RECORD EXTRACTS —
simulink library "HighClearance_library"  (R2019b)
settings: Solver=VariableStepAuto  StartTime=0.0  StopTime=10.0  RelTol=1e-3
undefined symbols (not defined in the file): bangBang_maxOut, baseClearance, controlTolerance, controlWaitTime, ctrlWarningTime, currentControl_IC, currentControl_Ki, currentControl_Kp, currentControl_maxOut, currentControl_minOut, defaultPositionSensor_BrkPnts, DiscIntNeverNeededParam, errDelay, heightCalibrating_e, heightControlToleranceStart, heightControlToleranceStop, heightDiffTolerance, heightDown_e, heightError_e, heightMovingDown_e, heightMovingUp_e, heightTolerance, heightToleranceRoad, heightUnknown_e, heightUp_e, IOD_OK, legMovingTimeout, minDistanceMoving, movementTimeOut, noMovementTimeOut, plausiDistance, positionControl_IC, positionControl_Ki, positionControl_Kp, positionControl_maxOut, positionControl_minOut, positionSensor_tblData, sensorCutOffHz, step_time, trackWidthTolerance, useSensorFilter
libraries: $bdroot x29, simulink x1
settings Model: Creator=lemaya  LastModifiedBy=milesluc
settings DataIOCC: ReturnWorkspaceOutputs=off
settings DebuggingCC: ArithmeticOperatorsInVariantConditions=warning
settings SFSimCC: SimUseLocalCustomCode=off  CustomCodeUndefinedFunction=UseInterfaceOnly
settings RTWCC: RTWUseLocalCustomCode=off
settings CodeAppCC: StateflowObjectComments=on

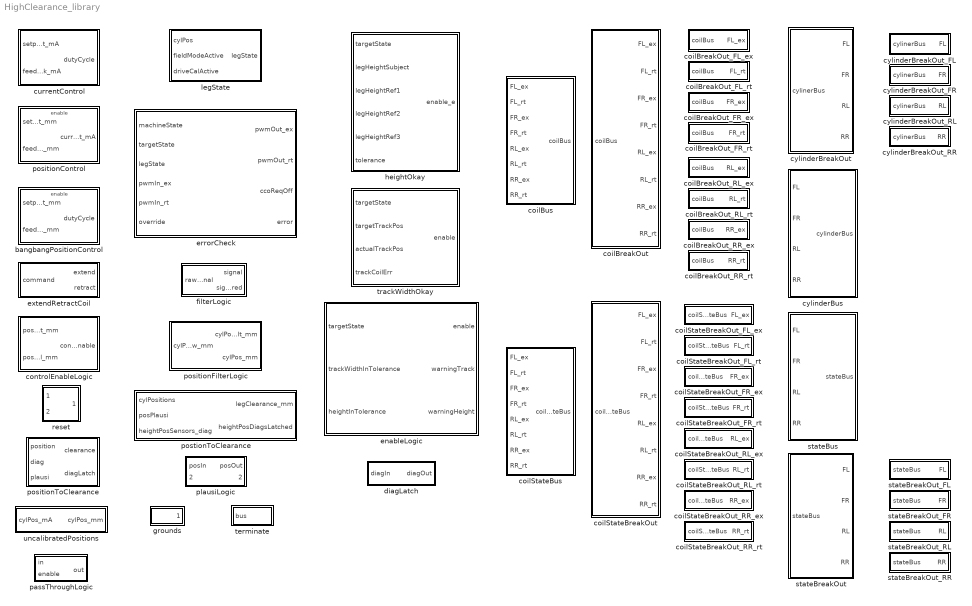
== system HighClearance_library ==
  bangbangPositionControl : Subsystem
  coilBreakOut : Subsystem
  coilBreakOut_FL_ex : Subsystem
  coilBreakOut_FL_rt : Subsystem
  coilBreakOut_FR_ex : Subsystem
  coilBreakOut_FR_rt : Subsystem
  coilBreakOut_RL_ex : Subsystem
  coilBreakOut_RL_rt : Subsystem
  coilBreakOut_RR_ex : Subsystem
  coilBreakOut_RR_rt : Subsystem
  coilBus : Subsystem
  coilStateBreakOut : Subsystem
  coilStateBreakOut_FL_ex : Subsystem
  coilStateBreakOut_FL_rt : Subsystem
  coilStateBreakOut_FR_ex : Subsystem
  coilStateBreakOut_FR_rt : Subsystem
  coilStateBreakOut_RL_ex : Subsystem
  coilStateBreakOut_RL_rt : Subsystem
  coilStateBreakOut_RR_ex : Subsystem
  coilStateBreakOut_RR_rt : Subsystem
  coilStateBus : Subsystem
  controlEnableLogic : Subsystem
  currentControl : Subsystem
  cylinderBreakOut : Subsystem
  cylinderBreakOut_FL : Subsystem
  cylinderBreakOut_FR : Subsystem
  cylinderBreakOut_RL : Subsystem
  cylinderBreakOut_RR : Subsystem
  cylinderBus : Subsystem
  diagLatch : Stateflow chart  TreatAsAtomicUnit=on
  enableLogic : Stateflow chart  TreatAsAtomicUnit=on
  errorCheck : Stateflow chart  TreatAsAtomicUnit=on
  extendRetractCoil : Subsystem
  filterLogic : Subsystem
  grounds : Subsystem
  heightOkay : Stateflow chart  TreatAsAtomicUnit=on
  legState : Stateflow chart  TreatAsAtomicUnit=on
  passThroughLogic : Subsystem
  plausiLogic : Subsystem
  positionControl : Subsystem
  positionFilterLogic : Subsystem
  positionToClearance : Subsystem
  postionToClearance : Subsystem
  reset : Subsystem
  stateBreakOut : Subsystem
  stateBreakOut_FL : Subsystem
  stateBreakOut_FR : Subsystem
  stateBreakOut_RL : Subsystem
  stateBreakOut_RR : Subsystem
  stateBus : Subsystem
  terminate : Subsystem
  trackWidthOkay : Stateflow chart  TreatAsAtomicUnit=on
  uncalibratedPositions : Subsystem

== system HighClearance_library/bangbangPositionControl ==
  setpoint_mm : Inport
  feedback_mm : Inport  Port=2
  Enable : EnablePort  StatesWhenEnabling=reset
  Sum : Sum  Inputs=|+-
  extendRetractLogic : Stateflow chart  TreatAsAtomicUnit=on
  dutyCycle : Outport  OutputWhenDisabled=reset  InitialOutput=[0]
  wires:
  extendRetractLogic/1(pwm) -> dutyCycle/1
  Sum/1 -> extendRetractLogic/1(error)
  feedback_mm/1 -> Sum/2
  setpoint_mm/1 -> Sum/1

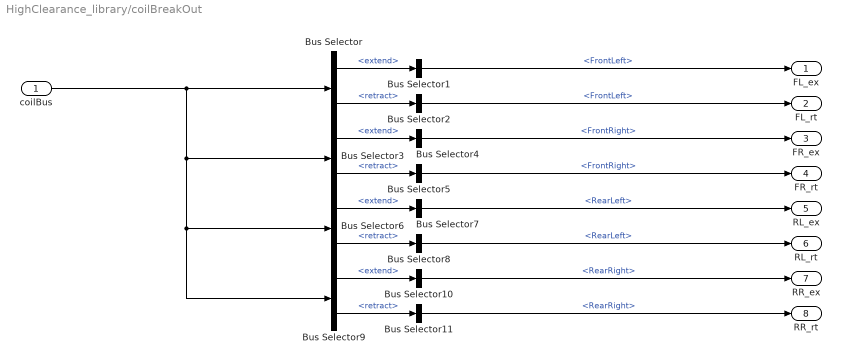
== system HighClearance_library/coilBreakOut ==
  coilBus : Inport  OutDataTypeStr=Bus: CoilBus
  Bus Selector{,3,6,9} (4 alike) : BusSelector  OutputSignals=extend,retract
  Bus Selector1 : BusSelector  OutputSignals=FrontLeft
  Bus Selector10 : BusSelector  OutputSignals=RearRight
  Bus Selector11 : BusSelector  OutputSignals=RearRight
  Bus Selector2 : BusSelector  OutputSignals=FrontLeft
  Bus Selector4 : BusSelector  OutputSignals=FrontRight
  Bus Selector5 : BusSelector  OutputSignals=FrontRight
  Bus Selector7 : BusSelector  OutputSignals=RearLeft
  Bus Selector8 : BusSelector  OutputSignals=RearLeft
  FL_ex : Outport
  FL_rt : Outport  Port=2
  FR_ex : Outport  Port=3
  FR_rt : Outport  Port=4
  RL_ex : Outport  Port=5
  RL_rt : Outport  Port=6
  RR_ex : Outport  Port=7
  RR_rt : Outport  Port=8
  wires:
  coilBus/1 -> Bus Selector/1, Bus Selector3/1, Bus Selector6/1, Bus Selector9/1
  Bus Selector9/2 -> Bus Selector11/1  "<retract>"
  Bus Selector11/1 -> RR_rt/1  "<RearRight>"
  Bus Selector10/1 -> RR_ex/1  "<RearRight>"
  Bus Selector9/1 -> Bus Selector10/1  "<extend>"
  Bus Selector6/2 -> Bus Selector8/1  "<retract>"
  Bus Selector8/1 -> RL_rt/1  "<RearLeft>"
  Bus Selector7/1 -> RL_ex/1  "<RearLeft>"
  Bus Selector6/1 -> Bus Selector7/1  "<extend>"
  Bus Selector3/2 -> Bus Selector5/1  "<retract>"
  Bus Selector5/1 -> FR_rt/1  "<FrontRight>"
  Bus Selector4/1 -> FR_ex/1  "<FrontRight>"
  Bus Selector3/1 -> Bus Selector4/1  "<extend>"
  Bus Selector/2 -> Bus Selector2/1  "<retract>"
  Bus Selector2/1 -> FL_rt/1  "<FrontLeft>"
  Bus Selector1/1 -> FL_ex/1  "<FrontLeft>"
  Bus Selector/1 -> Bus Selector1/1  "<extend>"

== system HighClearance_library/coilBreakOut_FL_ex ==
  coilBus : Inport  OutDataTypeStr=Bus: CoilBus
  Bus Selector : BusSelector  OutputSignals=extend
  Bus Selector1 : BusSelector  OutputSignals=FrontLeft
  FL_ex : Outport
  wires:
  Bus Selector/1 -> Bus Selector1/1  "<extend>"
  Bus Selector1/1 -> FL_ex/1  "<FrontLeft>"
  coilBus/1 -> Bus Selector/1

== system HighClearance_library/coilBreakOut_FL_rt ==
  coilBus : Inport  OutDataTypeStr=Bus: CoilBus
  Bus Selector : BusSelector  OutputSignals=retract
  Bus Selector1 : BusSelector  OutputSignals=FrontLeft
  FL_rt : Outport
  wires:
  coilBus/1 -> Bus Selector/1
  Bus Selector1/1 -> FL_rt/1  "<FrontLeft>"
  Bus Selector/1 -> Bus Selector1/1  "<retract>"

== system HighClearance_library/coilBreakOut_FR_ex ==
  coilBus : Inport  OutDataTypeStr=Bus: CoilBus
  Bus Selector : BusSelector  OutputSignals=extend
  Bus Selector1 : BusSelector  OutputSignals=FrontRight
  FR_ex : Outport
  wires:
  coilBus/1 -> Bus Selector/1
  Bus Selector1/1 -> FR_ex/1  "<FrontRight>"
  Bus Selector/1 -> Bus Selector1/1  "<extend>"

== system HighClearance_library/coilBreakOut_FR_rt ==
  coilBus : Inport  OutDataTypeStr=Bus: CoilBus
  Bus Selector : BusSelector  OutputSignals=retract
  Bus Selector1 : BusSelector  OutputSignals=FrontRight
  FR_rt : Outport
  wires:
  Bus Selector/1 -> Bus Selector1/1  "<retract>"
  Bus Selector1/1 -> FR_rt/1  "<FrontRight>"
  coilBus/1 -> Bus Selector/1

== system HighClearance_library/coilBreakOut_RL_ex ==
  coilBus : Inport  OutDataTypeStr=Bus: CoilBus
  Bus Selector : BusSelector  OutputSignals=extend
  Bus Selector1 : BusSelector  OutputSignals=RearLeft
  RL_ex : Outport
  wires:
  coilBus/1 -> Bus Selector/1
  Bus Selector1/1 -> RL_ex/1  "<RearLeft>"
  Bus Selector/1 -> Bus Selector1/1  "<extend>"

== system HighClearance_library/coilBreakOut_RL_rt ==
  coilBus : Inport  OutDataTypeStr=Bus: CoilBus
  Bus Selector : BusSelector  OutputSignals=retract
  Bus Selector1 : BusSelector  OutputSignals=RearLeft
  RL_rt : Outport
  wires:
  Bus Selector/1 -> Bus Selector1/1  "<retract>"
  Bus Selector1/1 -> RL_rt/1  "<RearLeft>"
  coilBus/1 -> Bus Selector/1

== system HighClearance_library/coilBreakOut_RR_ex ==
  coilBus : Inport  OutDataTypeStr=Bus: CoilBus
  Bus Selector : BusSelector  OutputSignals=extend
  Bus Selector1 : BusSelector  OutputSignals=RearRight
  RR_ex : Outport
  wires:
  Bus Selector/1 -> Bus Selector1/1  "<extend>"
  Bus Selector1/1 -> RR_ex/1  "<RearRight>"
  coilBus/1 -> Bus Selector/1

== system HighClearance_library/coilBreakOut_RR_rt ==
  coilBus : Inport  OutDataTypeStr=Bus: CoilBus
  Bus Selector : BusSelector  OutputSignals=retract
  Bus Selector1 : BusSelector  OutputSignals=RearRight
  RR_rt : Outport
  wires:
  coilBus/1 -> Bus Selector/1
  Bus Selector1/1 -> RR_rt/1  "<RearRight>"
  Bus Selector/1 -> Bus Selector1/1  "<retract>"

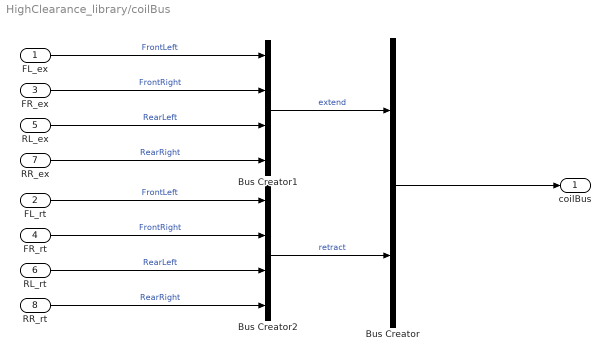
== system HighClearance_library/coilBus ==
  FL_ex : Inport
  FL_rt : Inport  Port=2
  FR_ex : Inport  Port=3
  FR_rt : Inport  Port=4
  RL_ex : Inport  Port=5
  RL_rt : Inport  Port=6
  RR_ex : Inport  Port=7
  RR_rt : Inport  Port=8
  Bus Creator : BusCreator  Inputs=2  OutDataTypeStr=Bus: CoilBus  NonVirtualBus=on
  Bus Creator1 : BusCreator  Inputs=4  OutDataTypeStr=Bus: CylinderBus  NonVirtualBus=on
  Bus Creator2 : BusCreator  Inputs=4  OutDataTypeStr=Bus: CylinderBus  NonVirtualBus=on
  coilBus : Outport  OutDataTypeStr=Bus: CoilBus
  wires:
  FL_ex/1 -> Bus Creator1/1  "FrontLeft"
  Bus Creator/1 -> coilBus/1
  FR_ex/1 -> Bus Creator1/2  "FrontRight"
  RL_ex/1 -> Bus Creator1/3  "RearLeft"
  RR_ex/1 -> Bus Creator1/4  "RearRight"
  Bus Creator1/1 -> Bus Creator/1  "extend"
  Bus Creator2/1 -> Bus Creator/2  "retract"
  FL_rt/1 -> Bus Creator2/1  "FrontLeft"
  FR_rt/1 -> Bus Creator2/2  "FrontRight"
  RL_rt/1 -> Bus Creator2/3  "RearLeft"
  RR_rt/1 -> Bus Creator2/4  "RearRight"

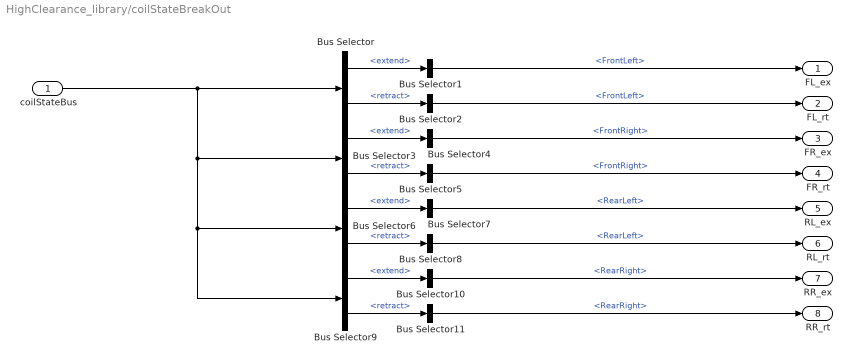
== system HighClearance_library/coilStateBreakOut ==
  coilStateBus : Inport  OutDataTypeStr=Bus: CoilStateBus
  Bus Selector{,3,6,9} (4 alike) : BusSelector  OutputSignals=extend,retract
  Bus Selector1 : BusSelector  OutputSignals=FrontLeft
  Bus Selector10 : BusSelector  OutputSignals=RearRight
  Bus Selector11 : BusSelector  OutputSignals=RearRight
  Bus Selector2 : BusSelector  OutputSignals=FrontLeft
  Bus Selector4 : BusSelector  OutputSignals=FrontRight
  Bus Selector5 : BusSelector  OutputSignals=FrontRight
  Bus Selector7 : BusSelector  OutputSignals=RearLeft
  Bus Selector8 : BusSelector  OutputSignals=RearLeft
  FL_ex : Outport
  FL_rt : Outport  Port=2
  FR_ex : Outport  Port=3
  FR_rt : Outport  Port=4
  RL_ex : Outport  Port=5
  RL_rt : Outport  Port=6
  RR_ex : Outport  Port=7
  RR_rt : Outport  Port=8
  wires:
  coilStateBus/1 -> Bus Selector/1, Bus Selector3/1, Bus Selector6/1, Bus Selector9/1
  Bus Selector9/2 -> Bus Selector11/1  "<retract>"
  Bus Selector11/1 -> RR_rt/1  "<RearRight>"
  Bus Selector10/1 -> RR_ex/1  "<RearRight>"
  Bus Selector9/1 -> Bus Selector10/1  "<extend>"
  Bus Selector6/2 -> Bus Selector8/1  "<retract>"
  Bus Selector8/1 -> RL_rt/1  "<RearLeft>"
  Bus Selector7/1 -> RL_ex/1  "<RearLeft>"
  Bus Selector6/1 -> Bus Selector7/1  "<extend>"
  Bus Selector3/2 -> Bus Selector5/1  "<retract>"
  Bus Selector5/1 -> FR_rt/1  "<FrontRight>"
  Bus Selector4/1 -> FR_ex/1  "<FrontRight>"
  Bus Selector3/1 -> Bus Selector4/1  "<extend>"
  Bus Selector/2 -> Bus Selector2/1  "<retract>"
  Bus Selector2/1 -> FL_rt/1  "<FrontLeft>"
  Bus Selector1/1 -> FL_ex/1  "<FrontLeft>"
  Bus Selector/1 -> Bus Selector1/1  "<extend>"

== system HighClearance_library/coilStateBreakOut_FL_ex ==
  coilStateBus : Inport  OutDataTypeStr=Bus: CoilStateBus
  Bus Selector : BusSelector  OutputSignals=extend
  Bus Selector1 : BusSelector  OutputSignals=FrontLeft
  FL_ex : Outport
  wires:
  Bus Selector/1 -> Bus Selector1/1  "<extend>"
  Bus Selector1/1 -> FL_ex/1  "<FrontLeft>"
  coilStateBus/1 -> Bus Selector/1

== system HighClearance_library/coilStateBreakOut_FL_rt ==
  coilStateBus : Inport  OutDataTypeStr=Bus: CoilStateBus
  Bus Selector : BusSelector  OutputSignals=retract
  Bus Selector1 : BusSelector  OutputSignals=FrontLeft
  FL_rt : Outport
  wires:
  coilStateBus/1 -> Bus Selector/1
  Bus Selector1/1 -> FL_rt/1  "<FrontLeft>"
  Bus Selector/1 -> Bus Selector1/1  "<retract>"

== system HighClearance_library/coilStateBreakOut_FR_ex ==
  coilStateBus : Inport  OutDataTypeStr=Bus: CoilStateBus
  Bus Selector : BusSelector  OutputSignals=extend
  Bus Selector1 : BusSelector  OutputSignals=FrontRight
  FR_ex : Outport
  wires:
  coilStateBus/1 -> Bus Selector/1
  Bus Selector1/1 -> FR_ex/1  "<FrontRight>"
  Bus Selector/1 -> Bus Selector1/1  "<extend>"

== system HighClearance_library/coilStateBreakOut_FR_rt ==
  coilStateBus : Inport  OutDataTypeStr=Bus: CoilStateBus
  Bus Selector : BusSelector  OutputSignals=retract
  Bus Selector1 : BusSelector  OutputSignals=FrontRight
  FR_rt : Outport
  wires:
  Bus Selector/1 -> Bus Selector1/1  "<retract>"
  Bus Selector1/1 -> FR_rt/1  "<FrontRight>"
  coilStateBus/1 -> Bus Selector/1

== system HighClearance_library/coilStateBreakOut_RL_ex ==
  coilStateBus : Inport  OutDataTypeStr=Bus: CoilStateBus
  Bus Selector : BusSelector  OutputSignals=extend
  Bus Selector1 : BusSelector  OutputSignals=RearLeft
  RL_ex : Outport
  wires:
  coilStateBus/1 -> Bus Selector/1
  Bus Selector1/1 -> RL_ex/1  "<RearLeft>"
  Bus Selector/1 -> Bus Selector1/1  "<extend>"

== system HighClearance_library/coilStateBreakOut_RL_rt ==
  coilStateBus : Inport  OutDataTypeStr=Bus: CoilStateBus
  Bus Selector : BusSelector  OutputSignals=retract
  Bus Selector1 : BusSelector  OutputSignals=RearLeft
  RL_rt : Outport
  wires:
  Bus Selector/1 -> Bus Selector1/1  "<retract>"
  Bus Selector1/1 -> RL_rt/1  "<RearLeft>"
  coilStateBus/1 -> Bus Selector/1

== system HighClearance_library/coilStateBreakOut_RR_ex ==
  coilStateBus : Inport  OutDataTypeStr=Bus: CoilStateBus
  Bus Selector : BusSelector  OutputSignals=extend
  Bus Selector1 : BusSelector  OutputSignals=RearRight
  RR_ex : Outport
  wires:
  Bus Selector/1 -> Bus Selector1/1  "<extend>"
  Bus Selector1/1 -> RR_ex/1  "<RearRight>"
  coilStateBus/1 -> Bus Selector/1

== system HighClearance_library/coilStateBreakOut_RR_rt ==
  coilStateBus : Inport  OutDataTypeStr=Bus: CoilStateBus
  Bus Selector : BusSelector  OutputSignals=retract
  Bus Selector1 : BusSelector  OutputSignals=RearRight
  RR_rt : Outport
  wires:
  coilStateBus/1 -> Bus Selector/1
  Bus Selector1/1 -> RR_rt/1  "<RearRight>"
  Bus Selector/1 -> Bus Selector1/1  "<retract>"

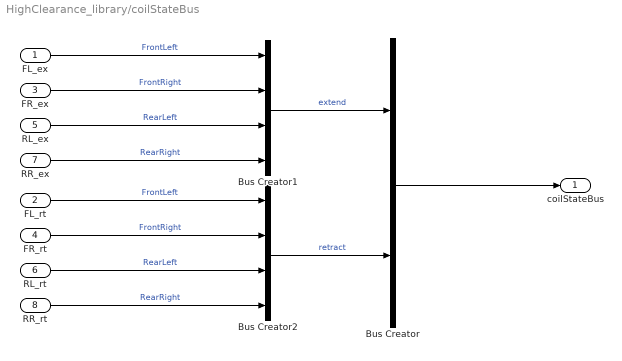
== system HighClearance_library/coilStateBus ==
  FL_ex : Inport
  FL_rt : Inport  Port=2
  FR_ex : Inport  Port=3
  FR_rt : Inport  Port=4
  RL_ex : Inport  Port=5
  RL_rt : Inport  Port=6
  RR_ex : Inport  Port=7
  RR_rt : Inport  Port=8
  Bus Creator : BusCreator  Inputs=2  OutDataTypeStr=Bus: CoilStateBus
  Bus Creator1 : BusCreator  Inputs=4  OutDataTypeStr=Bus: StateBus
  Bus Creator2 : BusCreator  Inputs=4  OutDataTypeStr=Bus: StateBus
  coilStateBus : Outport  OutDataTypeStr=Bus: CoilStateBus
  wires:
  FL_ex/1 -> Bus Creator1/1  "FrontLeft"
  Bus Creator/1 -> coilStateBus/1
  FR_ex/1 -> Bus Creator1/2  "FrontRight"
  RL_ex/1 -> Bus Creator1/3  "RearLeft"
  RR_ex/1 -> Bus Creator1/4  "RearRight"
  Bus Creator1/1 -> Bus Creator/1  "extend"
  Bus Creator2/1 -> Bus Creator/2  "retract"
  FL_rt/1 -> Bus Creator2/1  "FrontLeft"
  FR_rt/1 -> Bus Creator2/2  "FrontRight"
  RL_rt/1 -> Bus Creator2/3  "RearLeft"
  RR_rt/1 -> Bus Creator2/4  "RearRight"

== system HighClearance_library/controlEnableLogic ==
  postionTarget_mm : Inport
  positionActual_mm : Inport  Port=2
  enableLogic : Stateflow chart  TreatAsAtomicUnit=on
  controlEnable : Outport
  wires:
  postionTarget_mm/1 -> enableLogic/1(target)
  positionActual_mm/1 -> enableLogic/2(position)
  enableLogic/1(enable) -> controlEnable/1

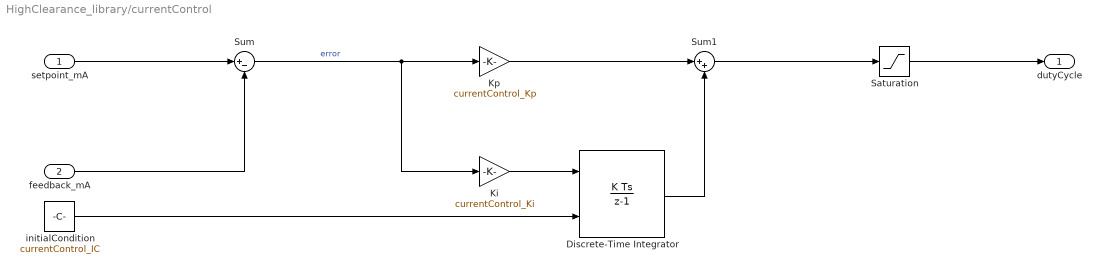
== system HighClearance_library/currentControl ==
  setpoint_mA : Inport
  feedback_mA : Inport  Port=2
  Discrete-Time Integrator : DiscreteIntegrator  InitialConditionSource=external  SampleTime=step_time  LimitOutput=on  UpperSaturationLimit=currentControl_maxOut  LowerSaturationLimit=currentControl_minOut  ICPrevOutput=DiscIntNeverNeededParam  ICPrevScaledInput=DiscIntNeverNeededParam
  Ki : Gain  Gain=currentControl_Ki
  Kp : Gain  Gain=currentControl_Kp
  Saturation : Saturate  UpperLimit=currentControl_maxOut  LowerLimit=currentControl_minOut
  Sum : Sum  Inputs=|+-
  Sum1 : Sum  Inputs=|++
  initialCondition : Constant  Value=currentControl_IC
  dutyCycle : Outport
  wires:
  Saturation/1 -> dutyCycle/1
  initialCondition/1 -> Discrete-Time Integrator/2
  Sum1/1 -> Saturation/1
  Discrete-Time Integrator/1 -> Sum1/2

ASSIGNED TASK — Your answer should be each line from the preceding material in which the word "controlEnableLogic" occurs.

WRITTEN ANSWER —
  controlEnableLogic : Subsystem
== system HighClearance_library/controlEnableLogic ==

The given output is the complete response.